→ **Work required**:
Can you write out every line from the start of the records below through the line containing "Commit message: Change", leaving out any pictures?

→ **Recorded data**:
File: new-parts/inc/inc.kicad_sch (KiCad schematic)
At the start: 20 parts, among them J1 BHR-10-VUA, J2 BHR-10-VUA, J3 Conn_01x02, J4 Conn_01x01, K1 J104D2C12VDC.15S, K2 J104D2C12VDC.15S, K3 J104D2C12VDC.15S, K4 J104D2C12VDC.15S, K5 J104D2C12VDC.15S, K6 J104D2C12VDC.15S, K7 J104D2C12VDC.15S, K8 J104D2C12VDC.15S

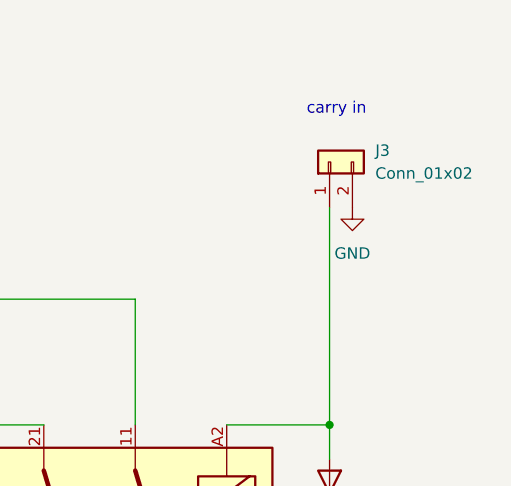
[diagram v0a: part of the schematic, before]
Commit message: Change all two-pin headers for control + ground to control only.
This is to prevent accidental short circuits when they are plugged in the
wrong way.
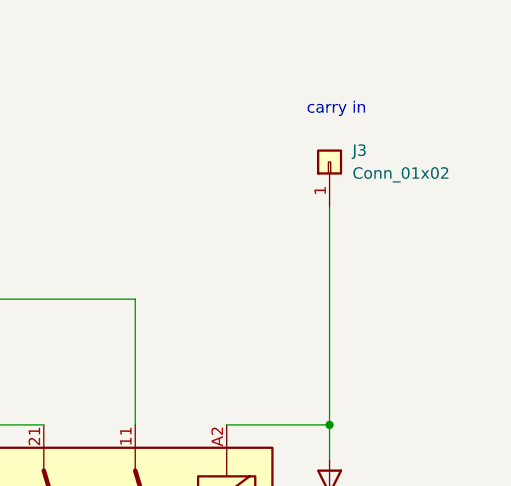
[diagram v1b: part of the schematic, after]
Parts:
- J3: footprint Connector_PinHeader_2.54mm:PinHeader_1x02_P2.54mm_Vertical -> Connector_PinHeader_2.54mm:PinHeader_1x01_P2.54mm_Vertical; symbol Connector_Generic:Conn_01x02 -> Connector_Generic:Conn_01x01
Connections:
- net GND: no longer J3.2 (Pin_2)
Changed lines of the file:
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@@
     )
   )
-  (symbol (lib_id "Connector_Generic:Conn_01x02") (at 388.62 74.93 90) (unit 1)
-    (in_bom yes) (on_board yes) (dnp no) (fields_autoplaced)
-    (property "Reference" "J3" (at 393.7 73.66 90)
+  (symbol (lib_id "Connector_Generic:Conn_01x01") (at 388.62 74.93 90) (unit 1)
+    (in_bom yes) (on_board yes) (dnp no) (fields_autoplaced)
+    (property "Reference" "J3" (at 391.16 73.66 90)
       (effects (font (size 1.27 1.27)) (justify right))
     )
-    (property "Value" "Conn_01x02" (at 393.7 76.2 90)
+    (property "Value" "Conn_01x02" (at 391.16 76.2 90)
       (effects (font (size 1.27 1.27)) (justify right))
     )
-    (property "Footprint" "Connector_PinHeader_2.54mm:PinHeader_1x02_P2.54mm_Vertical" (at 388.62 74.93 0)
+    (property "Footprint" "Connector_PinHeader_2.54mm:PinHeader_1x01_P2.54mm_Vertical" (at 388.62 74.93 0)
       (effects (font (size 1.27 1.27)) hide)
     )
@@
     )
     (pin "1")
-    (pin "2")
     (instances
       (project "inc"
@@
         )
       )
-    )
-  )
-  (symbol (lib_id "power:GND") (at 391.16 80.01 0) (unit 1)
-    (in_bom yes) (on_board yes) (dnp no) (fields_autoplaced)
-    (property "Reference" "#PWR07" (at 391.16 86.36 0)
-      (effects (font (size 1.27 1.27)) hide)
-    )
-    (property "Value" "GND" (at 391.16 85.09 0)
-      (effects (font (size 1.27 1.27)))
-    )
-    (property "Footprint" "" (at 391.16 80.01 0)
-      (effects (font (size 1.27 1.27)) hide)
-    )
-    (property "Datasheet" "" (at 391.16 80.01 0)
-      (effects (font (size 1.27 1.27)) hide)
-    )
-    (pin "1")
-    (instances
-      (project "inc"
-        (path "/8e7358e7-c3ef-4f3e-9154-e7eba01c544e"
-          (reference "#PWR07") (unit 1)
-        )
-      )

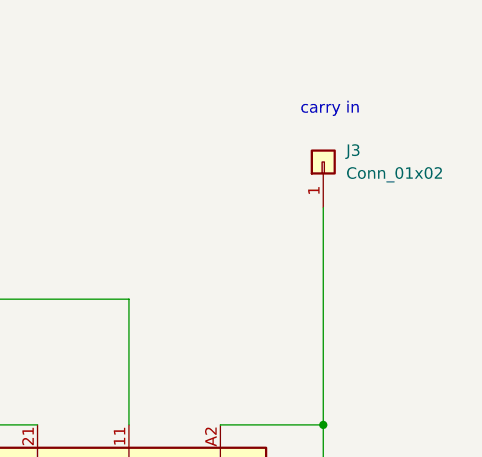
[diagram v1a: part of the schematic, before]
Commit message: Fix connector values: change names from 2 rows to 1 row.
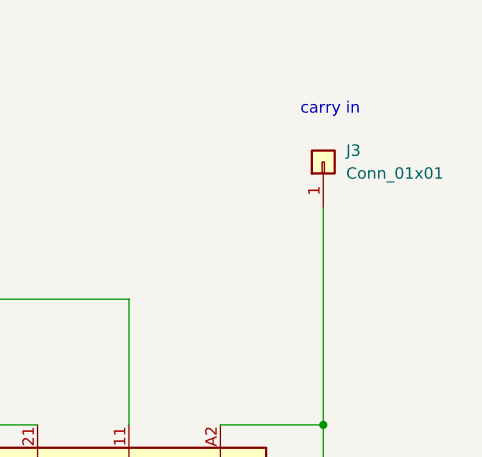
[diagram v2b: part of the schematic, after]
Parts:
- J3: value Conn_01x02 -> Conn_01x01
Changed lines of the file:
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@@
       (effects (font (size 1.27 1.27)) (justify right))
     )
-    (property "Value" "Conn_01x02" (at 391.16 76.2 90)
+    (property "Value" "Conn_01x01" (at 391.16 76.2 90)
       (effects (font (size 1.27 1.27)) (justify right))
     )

→ **Written response**:
File: new-parts/inc/inc.kicad_sch (KiCad schematic)
At the start: 20 parts, among them J1 BHR-10-VUA, J2 BHR-10-VUA, J3 Conn_01x02, J4 Conn_01x01, K1 J104D2C12VDC.15S, K2 J104D2C12VDC.15S, K3 J104D2C12VDC.15S, K4 J104D2C12VDC.15S, K5 J104D2C12VDC.15S, K6 J104D2C12VDC.15S, K7 J104D2C12VDC.15S, K8 J104D2C12VDC.15S

[diagram v0a: part of the schematic, before]
Commit message: Change all two-pin headers for control + ground to control only.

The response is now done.